『〝自分でやるしかない〟と思い知る』 2018年11月
親元を離れ、集団で寄宿して公立小学校に通う山村留学。親元を離れる寂しさはもちろんのこと、テレビもゲームもコンビニもない環境に、都会から来たばかりの子どもたちの多くは戸惑う。しかし、村の人たちに温かく迎えられ、地元の子どもたちや留学仲間と、思い切り遊び、ときには思い切りケンカして絆を深めながら過ごす中で、徐々にどの子の表情も目に見えて生き生きとしていることがわかる。
初めて村に向かうとき、不安がって泣いていた子が留学期間も終わりに近づくころには、「まだ頑張りたいことがあるから戻りたくない」と、親御さんに泣いて訴えるといったこともよくある。子どもの様子を見るために村を訪れた親御さんたちは、授業で身を乗り出すようにして積極的に手を挙げていたり、熱心に下級生の面倒を見ていたり、村の人が教えてくれる太鼓や踊りに熱心に打ち込んでいたりと、すっかりたくましくなっている我が子の姿に目を見張る。最初は、まだ幼い小学生の我が子を手元から離すことに不安を感じていた親御さんも、我が子が親を恋しがらなくなることに寂しさを感じつつ、次第にその成長ぶりを頼もしく感じるようだ。
「離れたことで、親子の絆を今まで以上に強く感じるようになった」、「子どもの表面的な部分だけではなく、内面を見ようとするようになった」というような声も毎年耳にする。山村留学という形での子離れは、想像される以上の変化を親と子の両方にもたらしているようだ。
ある男の子のお母さんは、彼が山村留学から帰ってきたときから何か異変に気が付いたそうだ。…トイレがいつもピカピカなのだ。不思議に思っていたところ、彼が黙って掃除していたことを知り、とても驚いたとお話されていた。
実は、子どもたちが生活する施設では、大人は子どもたちに対して「掃除をしなさい」とは言わない。誰にも命じられはしないものの、汚いままでは困ってしまうので、子どもたちは自分たちで分担を決めて掃除をする。家では、トイレが汚くてもそのうちにお母さんが掃除してくれるが、山村留学では汚いことに気が付いたら、自分で掃除するか、トイレ掃除を担当している友だちに伝えるか、とにかく自分で対処しない限り、きれいにはならない。彼もまた、山村留学生活において、〝自分でどうにかすること〟が当たり前になっていたのだ。

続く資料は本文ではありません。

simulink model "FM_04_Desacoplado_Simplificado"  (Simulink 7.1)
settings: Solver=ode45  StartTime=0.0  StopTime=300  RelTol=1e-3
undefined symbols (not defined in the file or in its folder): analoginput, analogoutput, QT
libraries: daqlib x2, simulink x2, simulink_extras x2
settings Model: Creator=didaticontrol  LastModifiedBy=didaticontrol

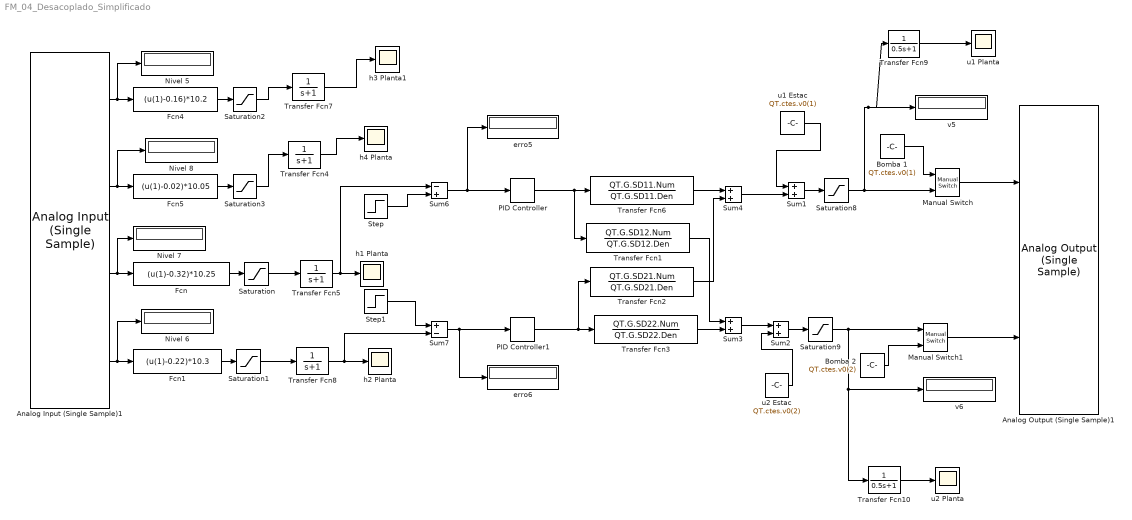
== system FM_04_Desacoplado_Simplificado ==
  Analog Input (Single Sample)1 : daqlib/Analog Input (Single Sample)  DialogController=daqcreatedialog  DialogControllerArgs=DataTag0  DeviceMenu=nidaq Dev1 (USB-6008)  Device=nidaq Dev1 (USB-6008)  ObjConstructor=analoginput('nidaq','Dev1')  InputType=Differential  NChannelsSelected=4  Channels=1$0$$5$#1$1$$5$#1$2$$5$#1$3$$5$#  NPorts=1 per hardware channel  BlockSampleTime=10e-3
  Analog Output (Single Sample)1 : daqlib/Analog Output (Single Sample)  DialogController=daqcreatedialog  DialogControllerArgs=DataTag1  DeviceMenu=nidaq Dev1 (USB-6008)  Device=nidaq Dev1 (USB-6008)  ObjConstructor=analogoutput('nidaq','Dev1')  NChannelsSelected=2  Channels=1$0$$1$0$#1$1$$1$0$#  NPorts=1 per hardware channel
  Bomba 1 : Constant  Value=QT.ctes.v0(1)
  Bomba 2 : Constant  Value=QT.ctes.v0(2)
  Fcn : Fcn  Expr=(u(1)-0.32)*10.25  SampleTime=10e-3
  Fcn1 : Fcn  Expr=(u(1)-0.22)*10.3
  Fcn4 : Fcn  Expr=(u(1)-0.16)*10.2
  Fcn5 : Fcn  Expr=(u(1)-0.02)*10.05
  Manual Switch : simulink/Signal Routing/Manual Switch  SystemSampleTime=-1  sw=1  action=0  varsize=off
  Manual Switch1 : simulink/Signal Routing/Manual Switch  SystemSampleTime=-1  sw=0  action=0  varsize=off
  Nivel {5..8} (4 alike) : Display
  PID Controller : simulink_extras/Additional Linear/PID Controller  SystemSampleTime=-1  P=7  I=0.2  D=0
  PID Controller1 : simulink_extras/Additional Linear/PID Controller  SystemSampleTime=-1  P=4  I=0.2  D=0
  Saturation : Saturate  UpperLimit=23  LowerLimit=0  SampleTime=10e-3
  Saturation1 : Saturate  UpperLimit=23  LowerLimit=0
  Saturation2 : Saturate  UpperLimit=23  LowerLimit=0
  Saturation3 : Saturate  UpperLimit=23  LowerLimit=0
  Saturation8 : Saturate  UpperLimit=0.7*5  LowerLimit=0  SampleTime=10e-3
  Saturation9 : Saturate  UpperLimit=0.7*5  LowerLimit=0  SampleTime=10e-3
  Step : Step  Time=100  Before=QT.ctes.h0(1)  After=QT.ctes.h0(1)+1  SampleTime=0
  Step1 : Step  Time=200  Before=QT.ctes.h0(2)  After=QT.ctes.h0(2)+1  SampleTime=0
  Sum{1..4} (4 alike) : Sum  OutDataType=sfix(16)  OutScaling=2^0
  Sum6 : Sum  Inputs=-+  OutDataType=sfix(16)  OutScaling=2^0
  Sum7 : Sum  Inputs=+-  OutDataType=sfix(16)  OutScaling=2^0
  Transfer Fcn1 : TransferFcn  Numerator=QT.G.SD12.Num  Denominator=QT.G.SD12.Den
  Transfer Fcn10 : TransferFcn  Denominator=[0.5 1]
  Transfer Fcn2 : TransferFcn  Numerator=QT.G.SD21.Num  Denominator=QT.G.SD21.Den
  Transfer Fcn3 : TransferFcn  Numerator=QT.G.SD22.Num  Denominator=QT.G.SD22.Den
  Transfer Fcn{4..5,7..8} (4 alike) : TransferFcn  Denominator=[1 1]
  Transfer Fcn6 : TransferFcn  Numerator=QT.G.SD11.Num  Denominator=QT.G.SD11.Den
  Transfer Fcn9 : TransferFcn  Denominator=[0.5 1]
  erro5 : Display
  erro6 : Display
  h1 Planta : Scope
      settings: YMin=0  YMax=8.5  SaveName=h1_real
  h2 Planta : Scope
      settings: TimeRange=300  YMin=0  YMax=11  SaveName=h2_real
  h3 Planta1 : Scope
      settings: YMin=0  YMax=8.5  SaveName=h3_real
  h4 Planta : Scope
      settings: YMin=0  YMax=15  SaveName=h4_real
  u1 Planta : Scope
      settings: YMin=1.75  YMax=3.5  SaveName=u1_real
  u1 Estac : Constant  Value=QT.ctes.v0(1)
  u2 Planta : Scope
      settings: YMin=9.2  YMax=10.2  SaveName=u2_real
  u2 Estac : Constant  Value=QT.ctes.v0(2)
  v5 : Display
  v6 : Display
  wires:
  Analog Input (Single Sample)1/3 -> Fcn/1, Nivel 7/1
  Fcn/1 -> Saturation/1
  Fcn1/1 -> Saturation1/1
  Analog Input (Single Sample)1/4 -> Fcn1/1, Nivel 6/1
  Saturation/1 -> Transfer Fcn5/1
  Analog Input (Single Sample)1/2 -> Fcn5/1, Nivel 8/1
  Analog Input (Single Sample)1/1 -> Nivel 5/1, Fcn4/1
  Fcn4/1 -> Saturation2/1
  Fcn5/1 -> Saturation3/1
  Manual Switch/1 -> Analog Output (Single Sample)1/1
  Manual Switch1/1 -> Analog Output (Single Sample)1/2
  Bomba 1/1 -> Manual Switch/1
  Sum6/1 -> erro5/1, PID Controller/1
  Sum7/1 -> erro6/1, PID Controller1/1
  Saturation8/1 -> Manual Switch/2, v5/1, Transfer Fcn9/1
  Saturation9/1 -> Manual Switch1/1, v6/1, Transfer Fcn10/1
  Bomba 2/1 -> Manual Switch1/2
  Saturation1/1 -> Transfer Fcn8/1
  Step/1 -> Sum6/2
  Step1/1 -> Sum7/1
  Sum1/1 -> Saturation8/1
  PID Controller/1 -> Transfer Fcn1/1, Transfer Fcn6/1
  u1 Estac/1 -> Sum1/1
  Sum2/1 -> Saturation9/1
  u2 Estac/1 -> Sum2/2
  Sum4/1 -> Sum1/2
  Transfer Fcn2/1 -> Sum4/2
  Sum3/1 -> Sum2/1
  Transfer Fcn1/1 -> Sum3/1
  Transfer Fcn3/1 -> Sum3/2
  Transfer Fcn6/1 -> Sum4/1
  PID Controller1/1 -> Transfer Fcn2/1, Transfer Fcn3/1
  Transfer Fcn7/1 -> h3 Planta1/1
  Saturation2/1 -> Transfer Fcn7/1
  Saturation3/1 -> Transfer Fcn4/1
  Transfer Fcn4/1 -> h4 Planta/1
  Transfer Fcn5/1 -> h1 Planta/1, Sum6/1
  Transfer Fcn8/1 -> h2 Planta/1, Sum7/2
  Transfer Fcn9/1 -> u1 Planta/1
  Transfer Fcn10/1 -> u2 Planta/1

そして、もうひとつの大きな変化は、彼のお母さんの表情がとてもにこやかになったことだ。以前のお母さんは、彼に対して過干渉気味で、教育に関していつもキリキリしている様子だった。おそらく彼との距離があまりにも近くなり過ぎていたのだろう。山村留学をきっかけに親子関係にも変化があったようだ。彼と離れたことでちょうどいい距離感になり、帰ってきた我が子の自立した様子を見て、お母さんもすっかり精神的に安定したようだ。子が変われば親が変わり、親が変われば子も変わる。
後々、山村留学を経験した子が、海外留学をすることもあると聞いた。親元から離れて生活するという最大級のチャレンジを乗り越えたことで、「なんとかなるんじゃない?」という強い自己肯定感が生まれ、未知の世界に飛び込んでみようという意欲が旺盛になるのだと思う。〝自分はひとり〟という孤独を経験する。それは、自立までに通らざるを得ない道だ。〝他者に頼らず、自分ひとりで引き受ける〟という覚悟は、そこから生まれる。自分が引き受けた場所の掃除をする人は、自分しかいない。自分でやらなければ、どうにもならない。それと同じ意識レベルで取り組むのが、本当の学習だ。
〝できない自分〟と向き合うこと、〝自分はなんでこんなにできないんだろう〟と思い知ることは、孤独を経験することと同じ次元の経験だ。自分はひとりであることを思い知ること。自分の能力の限界を思い知ること。そこを通過して、初めて自立することができる。